With the exception of Sasha, who only comes in towards the end, and perhaps Dr. Gloria, the characters weren’t particularly likeable.  They were people dealing with difficult circumstances in realistic ways.  Lyda is often angry and demanding, not willing to listen to her conscience if it gets in the way of what she feels she needs to do.  At the same time, I didn’t dislike anyone, though Rovil is a bit irritating in how much of a pushover he is when faced with Lyda’s demands.
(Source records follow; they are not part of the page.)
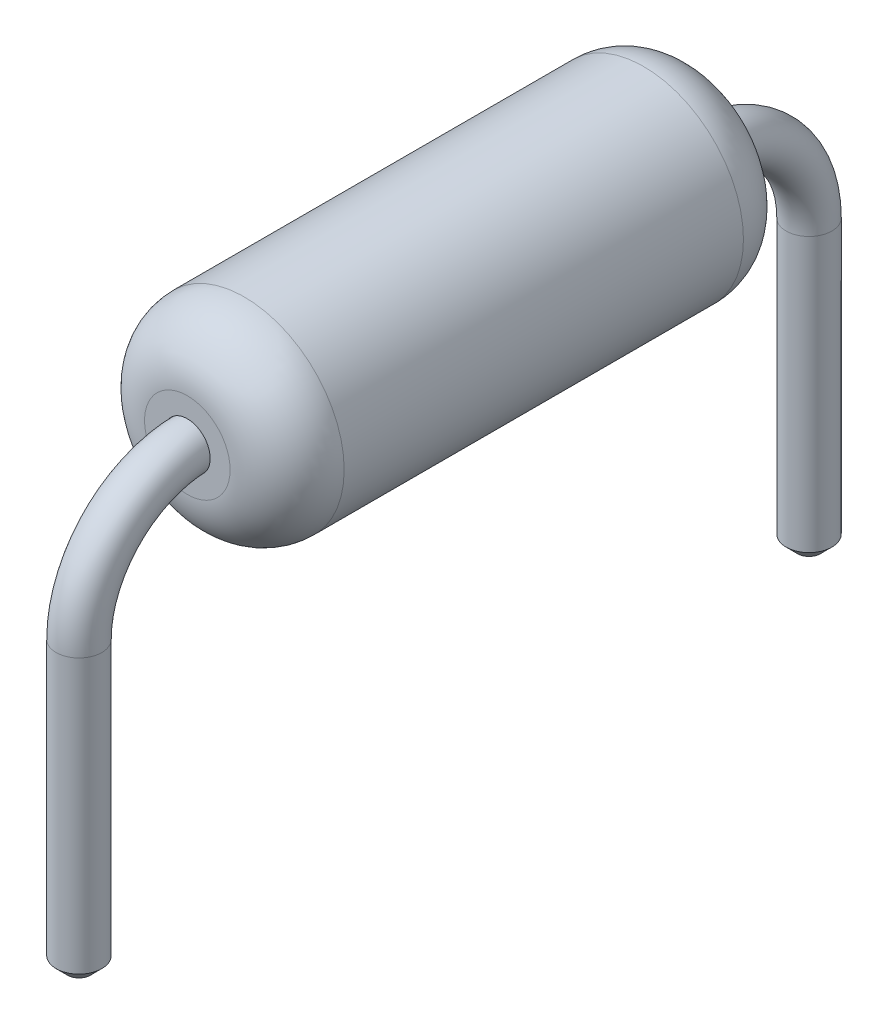
ISO-10303-21;
HEADER;
FILE_DESCRIPTION(('STEP AP214'),'2;1');
FILE_NAME('part.step','',(''),(''),'','','');
FILE_SCHEMA(('AUTOMOTIVE_DESIGN { 1 0 10303 214 1 1 1 1 }'));
ENDSEC;
DATA;
#1=APPLICATION_CONTEXT('core data for automotive mechanical design processes');
#2=APPLICATION_PROTOCOL_DEFINITION('international standard','automotive_design',2000,#1);
#3=PRODUCT_CONTEXT('',#1,'mechanical');
#4=PRODUCT('Part','Part','',(#3));
#5=PRODUCT_RELATED_PRODUCT_CATEGORY('part','',(#4));
#6=PRODUCT_DEFINITION_FORMATION('','',#4);
#7=PRODUCT_DEFINITION_CONTEXT('part definition',#1,'design');
#8=PRODUCT_DEFINITION('design','',#6,#7);
#9=PRODUCT_DEFINITION_SHAPE('','',#8);
#10=(LENGTH_UNIT() NAMED_UNIT(*) SI_UNIT(.MILLI.,.METRE.));
#11=(NAMED_UNIT(*) PLANE_ANGLE_UNIT() SI_UNIT($,.RADIAN.));
#12=(NAMED_UNIT(*) SI_UNIT($,.STERADIAN.) SOLID_ANGLE_UNIT());
#13=UNCERTAINTY_MEASURE_WITH_UNIT(LENGTH_MEASURE(1.E-05),#10,'distance_accuracy_value','');
#14=(GEOMETRIC_REPRESENTATION_CONTEXT(3) GLOBAL_UNCERTAINTY_ASSIGNED_CONTEXT((#13)) GLOBAL_UNIT_ASSIGNED_CONTEXT((#10,
#11,#12)) REPRESENTATION_CONTEXT('',''));
#15=CARTESIAN_POINT('',(0.,0.,0.));
#16=DIRECTION('',(0.,0.,1.));
#17=DIRECTION('',(1.,0.,0.));
#18=AXIS2_PLACEMENT_3D('',#15,#16,#17);
#19=CARTESIAN_POINT('',(0.,4.,4.5));
#20=DIRECTION('',(0.,0.,1.));
#21=DIRECTION('',(1.,0.,0.));
#22=AXIS2_PLACEMENT_3D('',#19,#20,#21);
#23=PLANE('',#22);
#24=CARTESIAN_POINT('',(0.,4.,4.5));
#25=DIRECTION('',(0.,0.,1.));
#26=DIRECTION('',(1.,0.,0.));
#27=AXIS2_PLACEMENT_3D('',#24,#25,#26);
#28=CIRCLE('',#27,0.75);
#29=CARTESIAN_POINT('',(0.75,4.,4.5));
#30=VERTEX_POINT('',#29);
#31=EDGE_CURVE('E11',#30,#30,#28,.T.);
#32=ORIENTED_EDGE('',*,*,#31,.T.);
#33=EDGE_LOOP('',(#32));
#34=FACE_BOUND('',#33,.T.);
#35=CARTESIAN_POINT('',(0.,4.,4.5));
#36=DIRECTION('',(0.,0.,1.));
#37=DIRECTION('',(1.,0.,0.));
#38=AXIS2_PLACEMENT_3D('',#35,#36,#37);
#39=CIRCLE('',#38,0.4);
#40=CARTESIAN_POINT('',(0.4,4.,4.5));
#41=VERTEX_POINT('',#40);
#42=EDGE_CURVE('E61',#41,#41,#39,.T.);
#43=ORIENTED_EDGE('',*,*,#42,.F.);
#44=EDGE_LOOP('',(#43));
#45=FACE_BOUND('',#44,.T.);
#46=ADVANCED_FACE('F41',(#34,#45),#23,.T.);
#47=CARTESIAN_POINT('',(0.,4.,-4.5));
#48=DIRECTION('',(0.,0.,1.));
#49=DIRECTION('',(1.,0.,0.));
#50=AXIS2_PLACEMENT_3D('',#47,#48,#49);
#51=PLANE('',#50);
#52=CARTESIAN_POINT('',(0.,4.,-4.5));
#53=DIRECTION('',(0.,0.,1.));
#54=DIRECTION('',(1.,0.,0.));
#55=AXIS2_PLACEMENT_3D('',#52,#53,#54);
#56=CIRCLE('',#55,0.75);
#57=CARTESIAN_POINT('',(0.75,4.,-4.5));
#58=VERTEX_POINT('',#57);
#59=EDGE_CURVE('E48',#58,#58,#56,.F.);
#60=ORIENTED_EDGE('',*,*,#59,.T.);
#61=EDGE_LOOP('',(#60));
#62=FACE_BOUND('',#61,.T.);
#63=CARTESIAN_POINT('',(0.,4.,-4.5));
#64=DIRECTION('',(0.,0.,1.));
#65=DIRECTION('',(1.,0.,0.));
#66=AXIS2_PLACEMENT_3D('',#63,#64,#65);
#67=CIRCLE('',#66,0.4);
#68=CARTESIAN_POINT('',(0.4,4.,-4.5));
#69=VERTEX_POINT('',#68);
#70=EDGE_CURVE('E62',#69,#69,#67,.T.);
#71=ORIENTED_EDGE('',*,*,#70,.T.);
#72=EDGE_LOOP('',(#71));
#73=FACE_BOUND('',#72,.T.);
#74=ADVANCED_FACE('F72',(#62,#73),#51,.F.);
#75=CARTESIAN_POINT('',(0.,4.,4.5));
#76=DIRECTION('',(0.,0.,-1.));
#77=DIRECTION('',(-1.,0.,0.));
#78=AXIS2_PLACEMENT_3D('',#75,#76,#77);
#79=CYLINDRICAL_SURFACE('',#78,1.75);
#80=CARTESIAN_POINT('',(0.,4.,-3.5));
#81=DIRECTION('',(0.,0.,1.));
#82=DIRECTION('',(1.,0.,0.));
#83=AXIS2_PLACEMENT_3D('',#80,#81,#82);
#84=CIRCLE('',#83,1.75);
#85=CARTESIAN_POINT('',(1.75,4.,-3.5));
#86=VERTEX_POINT('',#85);
#87=EDGE_CURVE('E52',#86,#86,#84,.T.);
#88=ORIENTED_EDGE('',*,*,#87,.T.);
#89=EDGE_LOOP('',(#88));
#90=FACE_BOUND('',#89,.T.);
#91=CARTESIAN_POINT('',(0.,4.,3.5));
#92=DIRECTION('',(0.,0.,1.));
#93=DIRECTION('',(1.,0.,0.));
#94=AXIS2_PLACEMENT_3D('',#91,#92,#93);
#95=CIRCLE('',#94,1.75);
#96=CARTESIAN_POINT('',(1.75,4.,3.5));
#97=VERTEX_POINT('',#96);
#98=EDGE_CURVE('E56',#97,#97,#95,.F.);
#99=ORIENTED_EDGE('',*,*,#98,.T.);
#100=EDGE_LOOP('',(#99));
#101=FACE_BOUND('',#100,.T.);
#102=ADVANCED_FACE('F77',(#90,#101),#79,.T.);
#103=CARTESIAN_POINT('',(0.,4.,4.5));
#104=DIRECTION('',(0.,0.,-1.));
#105=DIRECTION('',(-1.,0.,0.));
#106=AXIS2_PLACEMENT_3D('',#103,#104,#105);
#107=CYLINDRICAL_SURFACE('',#106,0.4);
#108=ORIENTED_EDGE('',*,*,#42,.T.);
#109=EDGE_LOOP('',(#108));
#110=FACE_BOUND('',#109,.T.);
#111=ORIENTED_EDGE('',*,*,#70,.F.);
#112=EDGE_LOOP('',(#111));
#113=FACE_BOUND('',#112,.T.);
#114=ADVANCED_FACE('F68',(#110,#113),#107,.F.);
#115=CARTESIAN_POINT('',(0.,4.,-3.5));
#116=DIRECTION('',(0.,0.,1.));
#117=DIRECTION('',(1.,0.,0.));
#118=AXIS2_PLACEMENT_3D('',#115,#116,#117);
#119=DEGENERATE_TOROIDAL_SURFACE('',#118,0.75,1.,.T.);
#120=ORIENTED_EDGE('',*,*,#59,.F.);
#121=EDGE_LOOP('',(#120));
#122=FACE_BOUND('',#121,.T.);
#123=ORIENTED_EDGE('',*,*,#87,.F.);
#124=EDGE_LOOP('',(#123));
#125=FACE_BOUND('',#124,.T.);
#126=ADVANCED_FACE('F83',(#122,#125),#119,.T.);
#127=CARTESIAN_POINT('',(0.,4.,3.5));
#128=DIRECTION('',(0.,0.,1.));
#129=DIRECTION('',(1.,0.,0.));
#130=AXIS2_PLACEMENT_3D('',#127,#128,#129);
#131=DEGENERATE_TOROIDAL_SURFACE('',#130,0.75,1.,.T.);
#132=ORIENTED_EDGE('',*,*,#98,.F.);
#133=EDGE_LOOP('',(#132));
#134=FACE_BOUND('',#133,.T.);
#135=ORIENTED_EDGE('',*,*,#31,.F.);
#136=EDGE_LOOP('',(#135));
#137=FACE_BOUND('',#136,.T.);
#138=ADVANCED_FACE('F43',(#134,#137),#131,.T.);
#139=CLOSED_SHELL('',(#46,#74,#102,#114,#126,#138));
#140=MANIFOLD_SOLID_BREP('B2',#139);
#141=CARTESIAN_POINT('',(0.,-3.,6.4));
#142=DIRECTION('',(0.,1.,0.));
#143=DIRECTION('',(0.,0.,1.));
#144=AXIS2_PLACEMENT_3D('',#141,#142,#143);
#145=PLANE('',#144);
#146=CARTESIAN_POINT('',(0.,-3.,6.4));
#147=DIRECTION('',(0.,1.,0.));
#148=DIRECTION('',(0.,0.,1.));
#149=AXIS2_PLACEMENT_3D('',#146,#147,#148);
#150=CIRCLE('',#149,0.200000000000001);
#151=CARTESIAN_POINT('',(0.,-3.,6.6));
#152=VERTEX_POINT('',#151);
#153=EDGE_CURVE('E144',#152,#152,#150,.F.);
#154=ORIENTED_EDGE('',*,*,#153,.T.);
#155=EDGE_LOOP('',(#154));
#156=FACE_BOUND('',#155,.T.);
#157=ADVANCED_FACE('F133',(#156),#145,.F.);
#158=CARTESIAN_POINT('',(0.,-3.,-6.4));
#159=DIRECTION('',(0.,-1.,0.));
#160=DIRECTION('',(0.,0.,-1.));
#161=AXIS2_PLACEMENT_3D('',#158,#159,#160);
#162=PLANE('',#161);
#163=CARTESIAN_POINT('',(0.,-3.,-6.4));
#164=DIRECTION('',(0.,-1.,0.));
#165=DIRECTION('',(0.,0.,-1.));
#166=AXIS2_PLACEMENT_3D('',#163,#164,#165);
#167=CIRCLE('',#166,0.200000000000001);
#168=CARTESIAN_POINT('',(0.,-3.,-6.6));
#169=VERTEX_POINT('',#168);
#170=EDGE_CURVE('E140',#169,#169,#167,.T.);
#171=ORIENTED_EDGE('',*,*,#170,.T.);
#172=EDGE_LOOP('',(#171));
#173=FACE_BOUND('',#172,.T.);
#174=ADVANCED_FACE('F170',(#173),#162,.T.);
#175=CARTESIAN_POINT('',(0.,-3.,6.4));
#176=DIRECTION('',(0.,1.,0.));
#177=DIRECTION('',(0.,0.,1.));
#178=AXIS2_PLACEMENT_3D('',#175,#176,#177);
#179=CYLINDRICAL_SURFACE('',#178,0.4);
#180=CARTESIAN_POINT('',(0.,-2.8,6.4));
#181=DIRECTION('',(0.,1.,0.));
#182=DIRECTION('',(0.,0.,1.));
#183=AXIS2_PLACEMENT_3D('',#180,#181,#182);
#184=CIRCLE('',#183,0.4);
#185=CARTESIAN_POINT('',(0.,-2.8,6.8));
#186=VERTEX_POINT('',#185);
#187=EDGE_CURVE('E148',#186,#186,#184,.T.);
#188=ORIENTED_EDGE('',*,*,#187,.T.);
#189=EDGE_LOOP('',(#188));
#190=FACE_BOUND('',#189,.T.);
#191=CARTESIAN_POINT('',(0.,2.,6.4));
#192=DIRECTION('',(0.,1.,0.));
#193=DIRECTION('',(0.,0.,1.));
#194=AXIS2_PLACEMENT_3D('',#191,#192,#193);
#195=CIRCLE('',#194,0.4);
#196=CARTESIAN_POINT('',(0.,2.,6.8));
#197=VERTEX_POINT('',#196);
#198=EDGE_CURVE('E162',#197,#197,#195,.T.);
#199=ORIENTED_EDGE('',*,*,#198,.F.);
#200=EDGE_LOOP('',(#199));
#201=FACE_BOUND('',#200,.T.);
#202=ADVANCED_FACE('F168',(#190,#201),#179,.T.);
#203=CARTESIAN_POINT('',(0.,2.,4.4));
#204=DIRECTION('',(-1.,0.,0.));
#205=DIRECTION('',(0.,0.,1.));
#206=AXIS2_PLACEMENT_3D('',#203,#204,#205);
#207=TOROIDAL_SURFACE('',#206,2.,0.4);
#208=CARTESIAN_POINT('',(0.,4.,4.4));
#209=DIRECTION('',(0.,0.,-1.));
#210=DIRECTION('',(0.,1.,0.));
#211=AXIS2_PLACEMENT_3D('',#208,#209,#210);
#212=CIRCLE('',#211,0.4);
#213=CARTESIAN_POINT('',(0.,4.4,4.4));
#214=VERTEX_POINT('',#213);
#215=EDGE_CURVE('E159',#214,#214,#212,.T.);
#216=CARTESIAN_POINT('',(0.,2.,4.4));
#217=DIRECTION('',(-1.,0.,0.));
#218=DIRECTION('',(0.,0.,1.));
#219=AXIS2_PLACEMENT_3D('',#216,#217,#218);
#220=CIRCLE('',#219,2.4);
#221=EDGE_CURVE('',#197,#214,#220,.T.);
#222=ORIENTED_EDGE('',*,*,#198,.T.);
#223=ORIENTED_EDGE('',*,*,#215,.F.);
#224=ORIENTED_EDGE('',*,*,#221,.T.);
#225=ORIENTED_EDGE('',*,*,#221,.F.);
#226=EDGE_LOOP('',(#222,#224,#223,#225));
#227=FACE_BOUND('',#226,.T.);
#228=ADVANCED_FACE('F166',(#227),#207,.T.);
#229=CARTESIAN_POINT('',(0.,4.,4.4));
#230=DIRECTION('',(0.,0.,-1.));
#231=DIRECTION('',(-1.,0.,0.));
#232=AXIS2_PLACEMENT_3D('',#229,#230,#231);
#233=CYLINDRICAL_SURFACE('',#232,0.4);
#234=CARTESIAN_POINT('',(0.,4.,-4.4));
#235=DIRECTION('',(0.,0.,-1.));
#236=DIRECTION('',(0.,1.,0.));
#237=AXIS2_PLACEMENT_3D('',#234,#235,#236);
#238=CIRCLE('',#237,0.4);
#239=CARTESIAN_POINT('',(0.,4.4,-4.4));
#240=VERTEX_POINT('',#239);
#241=EDGE_CURVE('E156',#240,#240,#238,.T.);
#242=ORIENTED_EDGE('',*,*,#241,.F.);
#243=EDGE_LOOP('',(#242));
#244=FACE_BOUND('',#243,.T.);
#245=ORIENTED_EDGE('',*,*,#215,.T.);
#246=EDGE_LOOP('',(#245));
#247=FACE_BOUND('',#246,.T.);
#248=ADVANCED_FACE('F177',(#244,#247),#233,.T.);
#249=CARTESIAN_POINT('',(0.,2.,-4.4));
#250=DIRECTION('',(-1.,0.,0.));
#251=DIRECTION('',(0.,0.,1.));
#252=AXIS2_PLACEMENT_3D('',#249,#250,#251);
#253=TOROIDAL_SURFACE('',#252,2.,0.4);
#254=CARTESIAN_POINT('',(0.,2.,-6.4));
#255=DIRECTION('',(0.,-1.,0.));
#256=DIRECTION('',(0.,0.,-1.));
#257=AXIS2_PLACEMENT_3D('',#254,#255,#256);
#258=CIRCLE('',#257,0.4);
#259=CARTESIAN_POINT('',(0.,2.,-6.8));
#260=VERTEX_POINT('',#259);
#261=EDGE_CURVE('E153',#260,#260,#258,.T.);
#262=CARTESIAN_POINT('',(0.,2.,-4.4));
#263=DIRECTION('',(-1.,0.,0.));
#264=DIRECTION('',(0.,0.,1.));
#265=AXIS2_PLACEMENT_3D('',#262,#263,#264);
#266=CIRCLE('',#265,2.4);
#267=EDGE_CURVE('',#240,#260,#266,.T.);
#268=ORIENTED_EDGE('',*,*,#241,.T.);
#269=ORIENTED_EDGE('',*,*,#261,.F.);
#270=ORIENTED_EDGE('',*,*,#267,.T.);
#271=ORIENTED_EDGE('',*,*,#267,.F.);
#272=EDGE_LOOP('',(#268,#270,#269,#271));
#273=FACE_BOUND('',#272,.T.);
#274=ADVANCED_FACE('F184',(#273),#253,.T.);
#275=CARTESIAN_POINT('',(0.,2.,-6.4));
#276=DIRECTION('',(0.,-1.,0.));
#277=DIRECTION('',(0.,0.,-1.));
#278=AXIS2_PLACEMENT_3D('',#275,#276,#277);
#279=CYLINDRICAL_SURFACE('',#278,0.4);
#280=CARTESIAN_POINT('',(0.,-2.8,-6.4));
#281=DIRECTION('',(0.,-1.,0.));
#282=DIRECTION('',(0.,0.,-1.));
#283=AXIS2_PLACEMENT_3D('',#280,#281,#282);
#284=CIRCLE('',#283,0.4);
#285=CARTESIAN_POINT('',(0.,-2.8,-6.8));
#286=VERTEX_POINT('',#285);
#287=EDGE_CURVE('E40',#286,#286,#284,.F.);
#288=ORIENTED_EDGE('',*,*,#287,.T.);
#289=EDGE_LOOP('',(#288));
#290=FACE_BOUND('',#289,.T.);
#291=ORIENTED_EDGE('',*,*,#261,.T.);
#292=EDGE_LOOP('',(#291));
#293=FACE_BOUND('',#292,.T.);
#294=ADVANCED_FACE('F181',(#290,#293),#279,.T.);
#295=CARTESIAN_POINT('',(0.,-2.8,6.4));
#296=DIRECTION('',(0.,1.,0.));
#297=DIRECTION('',(0.,0.,1.));
#298=AXIS2_PLACEMENT_3D('',#295,#296,#297);
#299=CONICAL_SURFACE('',#298,0.4,0.785398163397449);
#300=ORIENTED_EDGE('',*,*,#153,.F.);
#301=EDGE_LOOP('',(#300));
#302=FACE_BOUND('',#301,.T.);
#303=ORIENTED_EDGE('',*,*,#187,.F.);
#304=EDGE_LOOP('',(#303));
#305=FACE_BOUND('',#304,.T.);
#306=ADVANCED_FACE('F183',(#302,#305),#299,.T.);
#307=CARTESIAN_POINT('',(0.,-3.,-6.4));
#308=DIRECTION('',(0.,1.,0.));
#309=DIRECTION('',(0.,0.,1.));
#310=AXIS2_PLACEMENT_3D('',#307,#308,#309);
#311=CONICAL_SURFACE('',#310,0.200000000000001,0.785398163397441);
#312=ORIENTED_EDGE('',*,*,#287,.F.);
#313=EDGE_LOOP('',(#312));
#314=FACE_BOUND('',#313,.T.);
#315=ORIENTED_EDGE('',*,*,#170,.F.);
#316=EDGE_LOOP('',(#315));
#317=FACE_BOUND('',#316,.T.);
#318=ADVANCED_FACE('F135',(#314,#317),#311,.T.);
#319=CLOSED_SHELL('',(#157,#174,#202,#228,#248,#274,#294,#306,#318));
#320=MANIFOLD_SOLID_BREP('B6',#319);
#321=ADVANCED_BREP_SHAPE_REPRESENTATION('',(#18,#140,#320),#14);
#322=SHAPE_DEFINITION_REPRESENTATION(#9,#321);
ENDSEC;
END-ISO-10303-21;

While I enjoyed watching Lyda get around her medical implant and deal with the Millies, I didn’t believe how things worked out with her getting into the US.  It seemed far fetched and over the top.  Though, I’m left wondering if Lyda was meant to be an unreliable narrator, and if so, whether her version of events is wilder than what actually happened.  I’ve got an example of why I think this might be the case in the spoiler section below.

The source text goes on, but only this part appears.